[Items from a dataset]
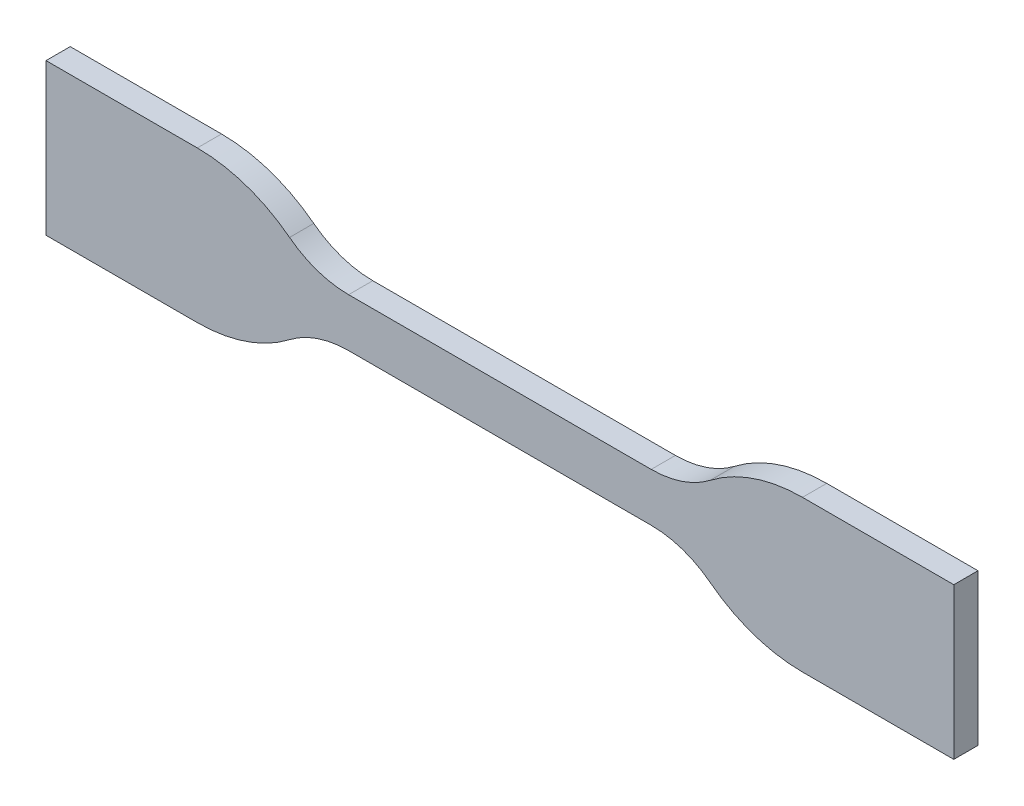
ISO-10303-21;
HEADER;
FILE_DESCRIPTION(('STEP AP214'),'2;1');
FILE_NAME('part.step','',(''),(''),'','','');
FILE_SCHEMA(('AUTOMOTIVE_DESIGN { 1 0 10303 214 1 1 1 1 }'));
ENDSEC;
DATA;
#1=APPLICATION_CONTEXT('core data for automotive mechanical design processes');
#2=APPLICATION_PROTOCOL_DEFINITION('international standard','automotive_design',2000,#1);
#3=PRODUCT_CONTEXT('',#1,'mechanical');
#4=PRODUCT('Part','Part','',(#3));
#5=PRODUCT_RELATED_PRODUCT_CATEGORY('part','',(#4));
#6=PRODUCT_DEFINITION_FORMATION('','',#4);
#7=PRODUCT_DEFINITION_CONTEXT('part definition',#1,'design');
#8=PRODUCT_DEFINITION('design','',#6,#7);
#9=PRODUCT_DEFINITION_SHAPE('','',#8);
#10=(LENGTH_UNIT() NAMED_UNIT(*) SI_UNIT(.MILLI.,.METRE.));
#11=(NAMED_UNIT(*) PLANE_ANGLE_UNIT() SI_UNIT($,.RADIAN.));
#12=(NAMED_UNIT(*) SI_UNIT($,.STERADIAN.) SOLID_ANGLE_UNIT());
#13=UNCERTAINTY_MEASURE_WITH_UNIT(LENGTH_MEASURE(1.E-05),#10,'distance_accuracy_value','');
#14=(GEOMETRIC_REPRESENTATION_CONTEXT(3) GLOBAL_UNCERTAINTY_ASSIGNED_CONTEXT((#13)) GLOBAL_UNIT_ASSIGNED_CONTEXT((#10,
#11,#12)) REPRESENTATION_CONTEXT('',''));
#15=CARTESIAN_POINT('',(0.,0.,0.));
#16=DIRECTION('',(0.,0.,1.));
#17=DIRECTION('',(1.,0.,0.));
#18=AXIS2_PLACEMENT_3D('',#15,#16,#17);
#19=CARTESIAN_POINT('',(12.5,10.0033529411765,2.));
#20=DIRECTION('',(0.,0.,-1.));
#21=DIRECTION('',(-1.,0.,0.));
#22=AXIS2_PLACEMENT_3D('',#19,#20,#21);
#23=CYLINDRICAL_SURFACE('',#22,8.00335294117646);
#24=CARTESIAN_POINT('',(12.5,10.0033529411765,0.));
#25=DIRECTION('',(0.,0.,-1.));
#26=DIRECTION('',(1.,0.,0.));
#27=AXIS2_PLACEMENT_3D('',#24,#25,#26);
#28=CIRCLE('',#27,8.00335294117646);
#29=CARTESIAN_POINT('',(17.3783434922911,3.65863678737899,0.));
#30=VERTEX_POINT('',#29);
#31=CARTESIAN_POINT('',(12.5,1.99999999999999,0.));
#32=VERTEX_POINT('',#31);
#33=EDGE_CURVE('E194',#30,#32,#28,.T.);
#34=ORIENTED_EDGE('',*,*,#33,.T.);
#35=DIRECTION('',(0.,0.,-1.));
#36=VECTOR('',#35,1.);
#37=CARTESIAN_POINT('',(12.5,1.99999999999999,2.));
#38=LINE('',#37,#36);
#39=CARTESIAN_POINT('',(12.5,1.99999999999999,2.));
#40=VERTEX_POINT('',#39);
#41=EDGE_CURVE('E11',#40,#32,#38,.T.);
#42=ORIENTED_EDGE('',*,*,#41,.F.);
#43=CARTESIAN_POINT('',(12.5,10.0033529411765,2.));
#44=DIRECTION('',(0.,0.,-1.));
#45=DIRECTION('',(1.,0.,0.));
#46=AXIS2_PLACEMENT_3D('',#43,#44,#45);
#47=CIRCLE('',#46,8.00335294117646);
#48=CARTESIAN_POINT('',(17.3783434922911,3.65863678737899,2.));
#49=VERTEX_POINT('',#48);
#50=EDGE_CURVE('E240',#49,#40,#47,.T.);
#51=ORIENTED_EDGE('',*,*,#50,.F.);
#52=DIRECTION('',(0.,0.,-1.));
#53=VECTOR('',#52,1.);
#54=CARTESIAN_POINT('',(17.3783434922911,3.65863678737899,2.));
#55=LINE('',#54,#53);
#56=EDGE_CURVE('E190',#49,#30,#55,.T.);
#57=ORIENTED_EDGE('',*,*,#56,.T.);
#58=EDGE_LOOP('',(#34,#42,#51,#57));
#59=FACE_BOUND('',#58,.T.);
#60=ADVANCED_FACE('F44',(#59),#23,.F.);
#61=CARTESIAN_POINT('',(-12.5,2.,2.));
#62=DIRECTION('',(0.,-1.,0.));
#63=DIRECTION('',(1.,0.,0.));
#64=AXIS2_PLACEMENT_3D('',#61,#62,#63);
#65=PLANE('',#64);
#66=DIRECTION('',(-1.,0.,0.));
#67=VECTOR('',#66,1.);
#68=CARTESIAN_POINT('',(-12.5,2.,0.));
#69=LINE('',#68,#67);
#70=CARTESIAN_POINT('',(-12.5,2.,0.));
#71=VERTEX_POINT('',#70);
#72=EDGE_CURVE('E198',#32,#71,#69,.T.);
#73=ORIENTED_EDGE('',*,*,#72,.T.);
#74=DIRECTION('',(0.,0.,-1.));
#75=VECTOR('',#74,1.);
#76=CARTESIAN_POINT('',(-12.5,2.,2.));
#77=LINE('',#76,#75);
#78=CARTESIAN_POINT('',(-12.5,2.,2.));
#79=VERTEX_POINT('',#78);
#80=EDGE_CURVE('E53',#79,#71,#77,.T.);
#81=ORIENTED_EDGE('',*,*,#80,.F.);
#82=DIRECTION('',(-1.,0.,0.));
#83=VECTOR('',#82,1.);
#84=CARTESIAN_POINT('',(-12.5,2.,2.));
#85=LINE('',#84,#83);
#86=EDGE_CURVE('E128',#40,#79,#85,.T.);
#87=ORIENTED_EDGE('',*,*,#86,.F.);
#88=ORIENTED_EDGE('',*,*,#41,.T.);
#89=EDGE_LOOP('',(#73,#81,#87,#88));
#90=FACE_BOUND('',#89,.T.);
#91=ADVANCED_FACE('F373',(#90),#65,.F.);
#92=CARTESIAN_POINT('',(-12.5,10.0033529411765,2.));
#93=DIRECTION('',(0.,0.,-1.));
#94=DIRECTION('',(-1.,0.,0.));
#95=AXIS2_PLACEMENT_3D('',#92,#93,#94);
#96=CYLINDRICAL_SURFACE('',#95,8.00335294117646);
#97=CARTESIAN_POINT('',(-12.5,10.0033529411765,0.));
#98=DIRECTION('',(0.,0.,-1.));
#99=DIRECTION('',(-1.,0.,0.));
#100=AXIS2_PLACEMENT_3D('',#97,#98,#99);
#101=CIRCLE('',#100,8.00335294117646);
#102=CARTESIAN_POINT('',(-17.3783434922911,3.65863678737899,0.));
#103=VERTEX_POINT('',#102);
#104=EDGE_CURVE('E201',#71,#103,#101,.T.);
#105=ORIENTED_EDGE('',*,*,#104,.T.);
#106=DIRECTION('',(0.,0.,-1.));
#107=VECTOR('',#106,1.);
#108=CARTESIAN_POINT('',(-17.3783434922911,3.65863678737899,2.));
#109=LINE('',#108,#107);
#110=CARTESIAN_POINT('',(-17.3783434922911,3.65863678737899,2.));
#111=VERTEX_POINT('',#110);
#112=EDGE_CURVE('E283',#111,#103,#109,.T.);
#113=ORIENTED_EDGE('',*,*,#112,.F.);
#114=CARTESIAN_POINT('',(-12.5,10.0033529411765,2.));
#115=DIRECTION('',(0.,0.,-1.));
#116=DIRECTION('',(-1.,0.,0.));
#117=AXIS2_PLACEMENT_3D('',#114,#115,#116);
#118=CIRCLE('',#117,8.00335294117646);
#119=EDGE_CURVE('E294',#79,#111,#118,.T.);
#120=ORIENTED_EDGE('',*,*,#119,.F.);
#121=ORIENTED_EDGE('',*,*,#80,.T.);
#122=EDGE_LOOP('',(#105,#113,#120,#121));
#123=FACE_BOUND('',#122,.T.);
#124=ADVANCED_FACE('F292',(#123),#96,.F.);
#125=CARTESIAN_POINT('',(-25.,-6.254,2.));
#126=DIRECTION('',(0.,0.,-1.));
#127=DIRECTION('',(-1.,0.,0.));
#128=AXIS2_PLACEMENT_3D('',#125,#126,#127);
#129=CYLINDRICAL_SURFACE('',#128,12.504);
#130=CARTESIAN_POINT('',(-25.,-6.254,0.));
#131=DIRECTION('',(0.,0.,1.));
#132=DIRECTION('',(-1.,0.,0.));
#133=AXIS2_PLACEMENT_3D('',#130,#131,#132);
#134=CIRCLE('',#133,12.504);
#135=CARTESIAN_POINT('',(-25.,6.25,0.));
#136=VERTEX_POINT('',#135);
#137=EDGE_CURVE('E204',#103,#136,#134,.T.);
#138=ORIENTED_EDGE('',*,*,#137,.T.);
#139=DIRECTION('',(0.,0.,-1.));
#140=VECTOR('',#139,1.);
#141=CARTESIAN_POINT('',(-25.,6.25,2.));
#142=LINE('',#141,#140);
#143=CARTESIAN_POINT('',(-25.,6.25,2.));
#144=VERTEX_POINT('',#143);
#145=EDGE_CURVE('E279',#144,#136,#142,.T.);
#146=ORIENTED_EDGE('',*,*,#145,.F.);
#147=CARTESIAN_POINT('',(-25.,-6.254,2.));
#148=DIRECTION('',(0.,0.,1.));
#149=DIRECTION('',(-1.,0.,0.));
#150=AXIS2_PLACEMENT_3D('',#147,#148,#149);
#151=CIRCLE('',#150,12.504);
#152=EDGE_CURVE('E313',#111,#144,#151,.T.);
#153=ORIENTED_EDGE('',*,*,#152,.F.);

◆ Exercise goal: Above are the records; repeat exactly the lines from the one holding "#104=EDGE_CURVE('E201',#71,#103,#101,.T.);" down to the one holding "#121=ORIENTED_EDGE('',*,*,#80,.T.);", end lines included.

◆ Task response:
#104=EDGE_CURVE('E201',#71,#103,#101,.T.);
#105=ORIENTED_EDGE('',*,*,#104,.T.);
#106=DIRECTION('',(0.,0.,-1.));
#107=VECTOR('',#106,1.);
#108=CARTESIAN_POINT('',(-17.3783434922911,3.65863678737899,2.));
#109=LINE('',#108,#107);
#110=CARTESIAN_POINT('',(-17.3783434922911,3.65863678737899,2.));
#111=VERTEX_POINT('',#110);
#112=EDGE_CURVE('E283',#111,#103,#109,.T.);
#113=ORIENTED_EDGE('',*,*,#112,.F.);
#114=CARTESIAN_POINT('',(-12.5,10.0033529411765,2.));
#115=DIRECTION('',(0.,0.,-1.));
#116=DIRECTION('',(-1.,0.,0.));
#117=AXIS2_PLACEMENT_3D('',#114,#115,#116);
#118=CIRCLE('',#117,8.00335294117646);
#119=EDGE_CURVE('E294',#79,#111,#118,.T.);
#120=ORIENTED_EDGE('',*,*,#119,.F.);
#121=ORIENTED_EDGE('',*,*,#80,.T.);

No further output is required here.